Advancing Our Understanding of Speech Motor Control Through an Investigation of Intermuscular Coherence in Typical Speakers

Abstract

There is a need to characterize intermuscular coherence (IMC) in selected muscles of the speech mechanism in order to establish its utility as a tool to study speech motor control. IMC is a correlation in the frequency domain that provides information about whether two signals (i.e., electromyographic (EMG)) are firing at the same frequency. Two muscles firing across the same frequency spectrum are thought to be receiving the same neural signaling or common neural drive. IMC measurements remain a largely unused method for studying speech motor control. However, initial studies using IMC to describe muscle activity in muscles of the speech mechanism suggest that this measurement may be sensitive to certain non-speech and speech requirements. Questions remain about IMC sensitivity to various speaking demands across the lifespan.

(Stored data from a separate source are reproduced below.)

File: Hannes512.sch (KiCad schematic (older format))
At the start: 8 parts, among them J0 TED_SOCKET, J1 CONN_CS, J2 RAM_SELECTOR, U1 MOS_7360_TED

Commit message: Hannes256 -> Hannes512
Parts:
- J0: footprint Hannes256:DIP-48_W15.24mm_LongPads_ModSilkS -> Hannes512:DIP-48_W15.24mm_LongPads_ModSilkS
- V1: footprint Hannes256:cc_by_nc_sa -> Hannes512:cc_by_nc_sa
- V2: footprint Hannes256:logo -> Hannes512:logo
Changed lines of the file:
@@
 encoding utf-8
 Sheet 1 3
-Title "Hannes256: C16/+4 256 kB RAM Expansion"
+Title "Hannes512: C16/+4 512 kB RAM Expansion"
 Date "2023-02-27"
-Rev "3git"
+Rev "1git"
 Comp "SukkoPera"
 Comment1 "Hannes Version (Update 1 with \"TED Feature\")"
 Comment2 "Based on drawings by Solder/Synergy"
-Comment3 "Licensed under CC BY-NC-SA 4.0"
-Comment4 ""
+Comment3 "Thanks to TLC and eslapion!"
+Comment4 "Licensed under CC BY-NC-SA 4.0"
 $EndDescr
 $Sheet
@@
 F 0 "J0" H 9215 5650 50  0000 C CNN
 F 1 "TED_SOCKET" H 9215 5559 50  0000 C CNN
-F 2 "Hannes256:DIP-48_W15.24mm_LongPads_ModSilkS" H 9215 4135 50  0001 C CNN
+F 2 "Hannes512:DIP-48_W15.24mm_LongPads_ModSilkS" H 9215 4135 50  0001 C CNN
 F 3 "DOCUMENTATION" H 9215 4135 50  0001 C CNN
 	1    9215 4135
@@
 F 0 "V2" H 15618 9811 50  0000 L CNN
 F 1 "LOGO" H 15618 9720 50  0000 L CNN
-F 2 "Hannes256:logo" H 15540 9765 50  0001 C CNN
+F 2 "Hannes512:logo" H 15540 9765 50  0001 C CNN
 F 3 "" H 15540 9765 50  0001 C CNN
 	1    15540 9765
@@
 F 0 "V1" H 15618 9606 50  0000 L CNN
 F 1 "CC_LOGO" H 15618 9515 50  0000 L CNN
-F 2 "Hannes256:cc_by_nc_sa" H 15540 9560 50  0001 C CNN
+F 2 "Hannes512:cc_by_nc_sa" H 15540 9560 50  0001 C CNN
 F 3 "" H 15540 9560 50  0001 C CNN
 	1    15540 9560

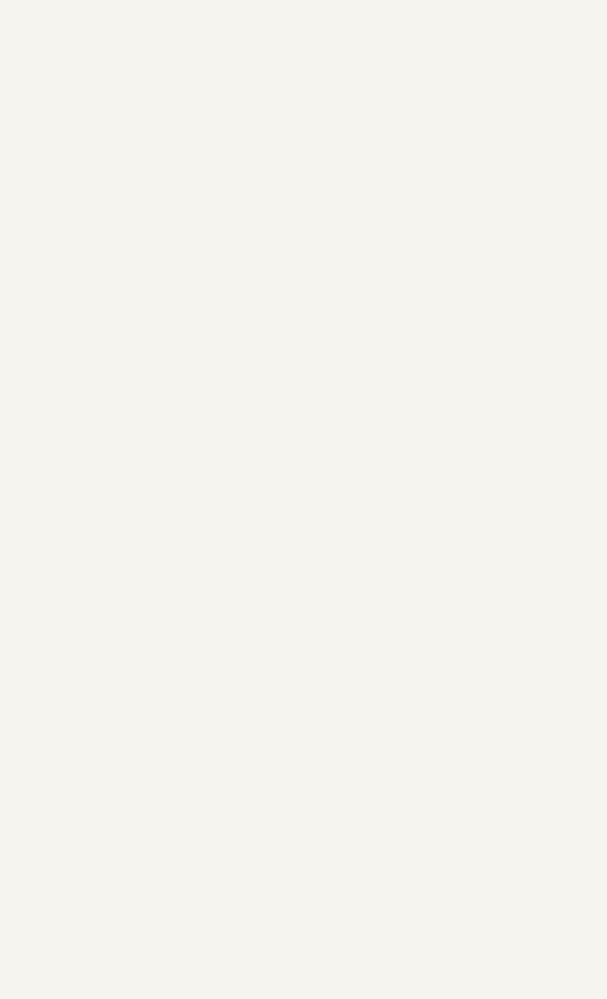
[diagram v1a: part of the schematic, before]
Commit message: Add TED Kx Protection
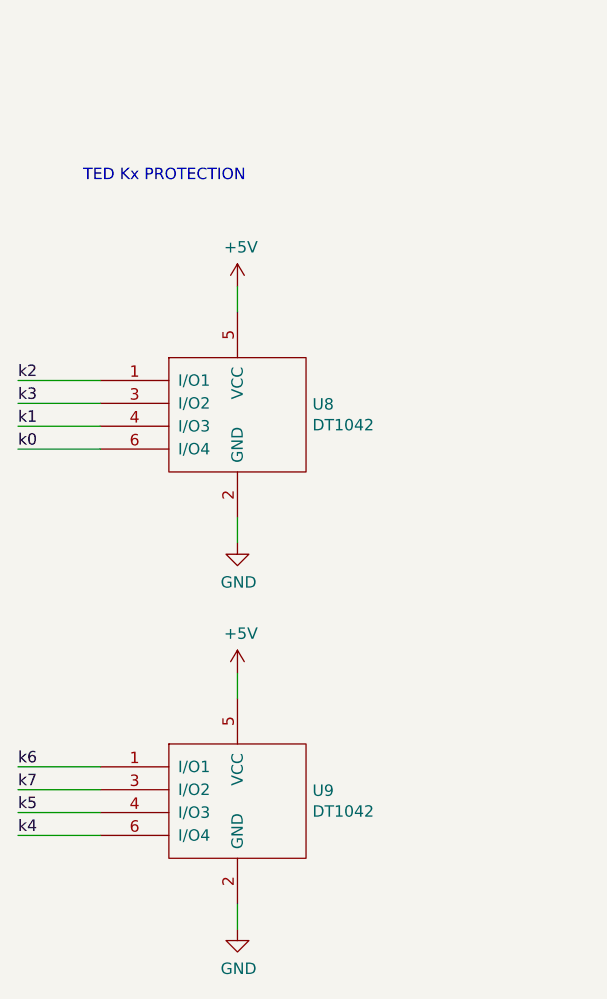
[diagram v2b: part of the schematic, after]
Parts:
- added U8, U9: DT1042, Package_SO:TSOP-6_1.65x3.05mm_P0.95mm, symbol DT1042:DT1042
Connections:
- net +5V: now also U8.5 (VCC), U9.5 (VCC)
- net GND: now also U8.2 (GND), U9.2 (GND)
- net k0: now also U8.6 (I/O4)
- net k1: now also U8.4 (I/O3)
- net k2: now also U8.1 (I/O1)
- net k3: now also U8.3 (I/O2)
- net k4: now also U9.6 (I/O4)
- net k5: now also U9.4 (I/O3)
- net k6: now also U9.1 (I/O1)
- net k7: now also U9.3 (I/O2)
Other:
- note added: "TED Kx PROTECTION"
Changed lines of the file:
@@
 	1    0    0    -1
 $EndComp
+$Comp
+L DT1042:DT1042 U8
+U 1 1 64B55A32
+P 2540 8125
+F 0 "U8" H 2868 8171 50  0000 L CNN
+F 1 "DT1042" H 2868 8080 50  0000 L CNN
+F 2 "Package_SO:TSOP-6_1.65x3.05mm_P0.95mm" H 2390 7575 50  0001 C CNN
+F 3 "" H 2390 7575 50  0001 C CNN
+	1    2540 8125
+	1    0    0    -1
+$EndComp
+Wire Wire Line
+	1940 7975 1580 7975
+Wire Wire Line
+	1940 8075 1580 8075
+Wire Wire Line
+	1940 8175 1580 8175
+Wire Wire Line
+	1940 8275 1580 8275
+Wire Wire Line
+	1940 9665 1580 9665
+Wire Wire Line
+	1940 9765 1580 9765
+Wire Wire Line
+	1940 9865 1580 9865
+Wire Wire Line
+	1940 9965 1580 9965
+Text Label 1580 8075 0    50   ~ 0
+k3
+Text Label 1580 8175 0    50   ~ 0
+k1
+Text Label 1580 8275 0    50   ~ 0
+k0
+Text Label 1580 9765 0    50   ~ 0
+k7
+$Comp
+L DT1042:DT1042 U9
+U 1 1 64B64DD4
+P 2540 9815
+F 0 "U9" H 2868 9861 50  0000 L CNN
+F 1 "DT1042" H 2868 9770 50  0000 L CNN
+F 2 "Package_SO:TSOP-6_1.65x3.05mm_P0.95mm" H 2390 9265 50  0001 C CNN
+F 3 "" H 2390 9265 50  0001 C CNN
+	1    2540 9815
+	1    0    0    -1
+$EndComp
+Wire Wire Line
+	2540 8575 2540 8685
+Wire Wire Line
+	2540 9255 2540 9365
+Wire Wire Line
+	2540 10265 2540 10375
+Wire Wire Line
+	2540 7565 2540 7675
+$Comp
+L power:+5V #PWR0101
+U 1 1 64B8CAD6
+P 2540 7565
+F 0 "#PWR0101" H 2540 7415 50  0001 C CNN
+F 1 "+5V" H 2555 7738 50  0000 C CNN
+F 2 "" H 2540 7565 50  0001 C CNN
+F 3 "" H 2540 7565 50  0001 C CNN
+	1    2540 7565
+	1    0    0    -1
+$EndComp
+$Comp
+L power:+5V #PWR0102
+U 1 1 64B8D61D
+P 2540 9255
+F 0 "#PWR0102" H 2540 9105 50  0001 C CNN
+F 1 "+5V" H 2555 9428 50  0000 C CNN
+F 2 "" H 2540 9255 50  0001 C CNN
+F 3 "" H 2540 9255 50  0001 C CNN
+	1    2540 9255
+	1    0    0    -1
+$EndComp
+$Comp
+L power:GND #PWR?
+U 1 1 64B9601A
+P 2540 8685
+AR Path="/62E48B71/64B9601A" Ref="#PWR?"  Part="1"
+AR Path="/64B9601A" Ref="#PWR0103"  Part="1"
+F 0 "#PWR0103" H 2540 8435 50  0001 C CNN
+F 1 "GND" H 2545 8512 50  0000 C CNN
+F 2 "" H 2540 8685 50  0001 C CNN
+F 3 "" H 2540 8685 50  0001 C CNN
+	1    2540 8685
+	1    0    0    -1
+$EndComp
+$Comp
+L power:GND #PWR?
+U 1 1 64B96753
+P 2540 10375
+AR Path="/62E48B71/64B96753" Ref="#PWR?"  Part="1"
+AR Path="/64B96753" Ref="#PWR0104"  Part="1"
+F 0 "#PWR0104" H 2540 10125 50  0001 C CNN
+F 1 "GND" H 2545 10202 50  0000 C CNN
+F 2 "" H 2540 10375 50  0001 C CNN
+F 3 "" H 2540 10375 50  0001 C CNN
+	1    2540 10375
+	1    0    0    -1
+$EndComp
+Text Label 1580 9665 0    50   ~ 0
+k6
+Text Label 1580 9965 0    50   ~ 0
+k4
+Text Label 1580 9865 0    50   ~ 0
+k5
+Text Label 1580 7975 0    50   ~ 0
+k2
 Wire Bus Line
 	8005 2375 8005 3085
@@
 Wire Bus Line
 	10425 2375 10425 4285
+Text Notes 1865 7110 0    50   ~ 0
+TED Kx PROTECTION
 $EndSCHEMATC

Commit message: Add part numbers
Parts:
- R1, R2: LCSC (none) -> C17414
- U8, U9: LCSC (none) -> C460064; MouserPN (none) -> 621-DT1042-04TS-7; Notes (none) -> Optional, for TED ESD protection through joystick port
- V1, V2: LCSC (none) -> -; MouserPN (none) -> -
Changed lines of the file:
@@
 F 2 "Hannes512:logo" H 15540 9765 50  0001 C CNN
 F 3 "" H 15540 9765 50  0001 C CNN
+F 4 "-" H 15540 9765 50  0001 C CNN "LCSC"
+F 5 "-" H 15540 9765 50  0001 C CNN "MouserPN"
 	1    15540 9765
 	1    0    0    -1
@@
 F 2 "Resistor_SMD:R_0805_2012Metric_Pad1.20x1.40mm_HandSolder" V 11685 3445 50  0001 C CNN
 F 3 "~" H 11755 3445 50  0001 C CNN
+F 4 "C17414" H 11755 3445 50  0001 C CNN "LCSC"
 	1    11755 3445
 	1    0    0    -1
@@
 F 2 "Resistor_SMD:R_0805_2012Metric_Pad1.20x1.40mm_HandSolder" V 11975 3445 50  0001 C CNN
 F 3 "~" H 12045 3445 50  0001 C CNN
+F 4 "C17414" H 12045 3445 50  0001 C CNN "LCSC"
 	1    12045 3445
 	1    0    0    -1
@@
 F 2 "Hannes512:cc_by_nc_sa" H 15540 9560 50  0001 C CNN
 F 3 "" H 15540 9560 50  0001 C CNN
+F 4 "-" H 15540 9560 50  0001 C CNN "LCSC"
+F 5 "-" H 15540 9560 50  0001 C CNN "MouserPN"
 	1    15540 9560
 	1    0    0    -1
@@
 F 2 "Package_SO:TSOP-6_1.65x3.05mm_P0.95mm" H 2390 7575 50  0001 C CNN
 F 3 "" H 2390 7575 50  0001 C CNN
+F 4 "C460064" H 2540 8125 50  0001 C CNN "LCSC"
+F 5 "621-DT1042-04TS-7" H 2540 8125 50  0001 C CNN "MouserPN"
+F 6 "Optional, for TED ESD protection through joystick port" H 2540 8125 50  0001 C CNN "Notes"
 	1    2540 8125
 	1    0    0    -1
@@
 F 2 "Package_SO:TSOP-6_1.65x3.05mm_P0.95mm" H 2390 9265 50  0001 C CNN
 F 3 "" H 2390 9265 50  0001 C CNN
+F 4 "C460064" H 2540 9815 50  0001 C CNN "LCSC"
+F 5 "621-DT1042-04TS-7" H 2540 9815 50  0001 C CNN "MouserPN"
+F 6 "Optional, for TED ESD protection through joystick port" H 2540 9815 50  0001 C CNN "Notes"
 	1    2540 9815
 	1    0    0    -1
@@
 Text Label 1580 7975 0    50   ~ 0
 k2
+Text Notes 1865 7110 0    50   ~ 0
+TED Kx PROTECTION
 Wire Bus Line
 	8005 2375 8005 3085
@@
 Wire Bus Line
 	10425 2375 10425 4285
-Text Notes 1865 7110 0    50   ~ 0
-TED Kx PROTECTION
 $EndSCHEMATC

In the first two studies, I compared the effects of lung volume, laryngeal demands, articulatory complexity, and cognitive linguistic demands on IMC in the respiratory (Study 1) and articulatory (Study 2) subsystems. Studies involved secondary analysis of surface electromyography (EMG) recordings from the intercostals, obliques, and orbicularis oris in healthy younger and older adults to determine the presence of task- or age-related differences in IMC. These data also included acoustic and respiratory kinematic recordings to provide context for IMC findings. In Study 3, intercostal and oblique IMC measurements on four tasks were compared across children, adolescents, younger adults, and older adults to investigate whether established developmental patterns of respiratory kinematics would be accompanied by age-related differences in IMC. This work adds to a growing body of literature supporting the utility of IMC in the study of speech motor control. In all three studies, the results revealed several differences in IMC values across the lifespan as well as key task-related differences within the respiratory and articulatory subsystems. The dissertation concludes with a summary of these findings, as well as a discussion of the limitations and future research directions.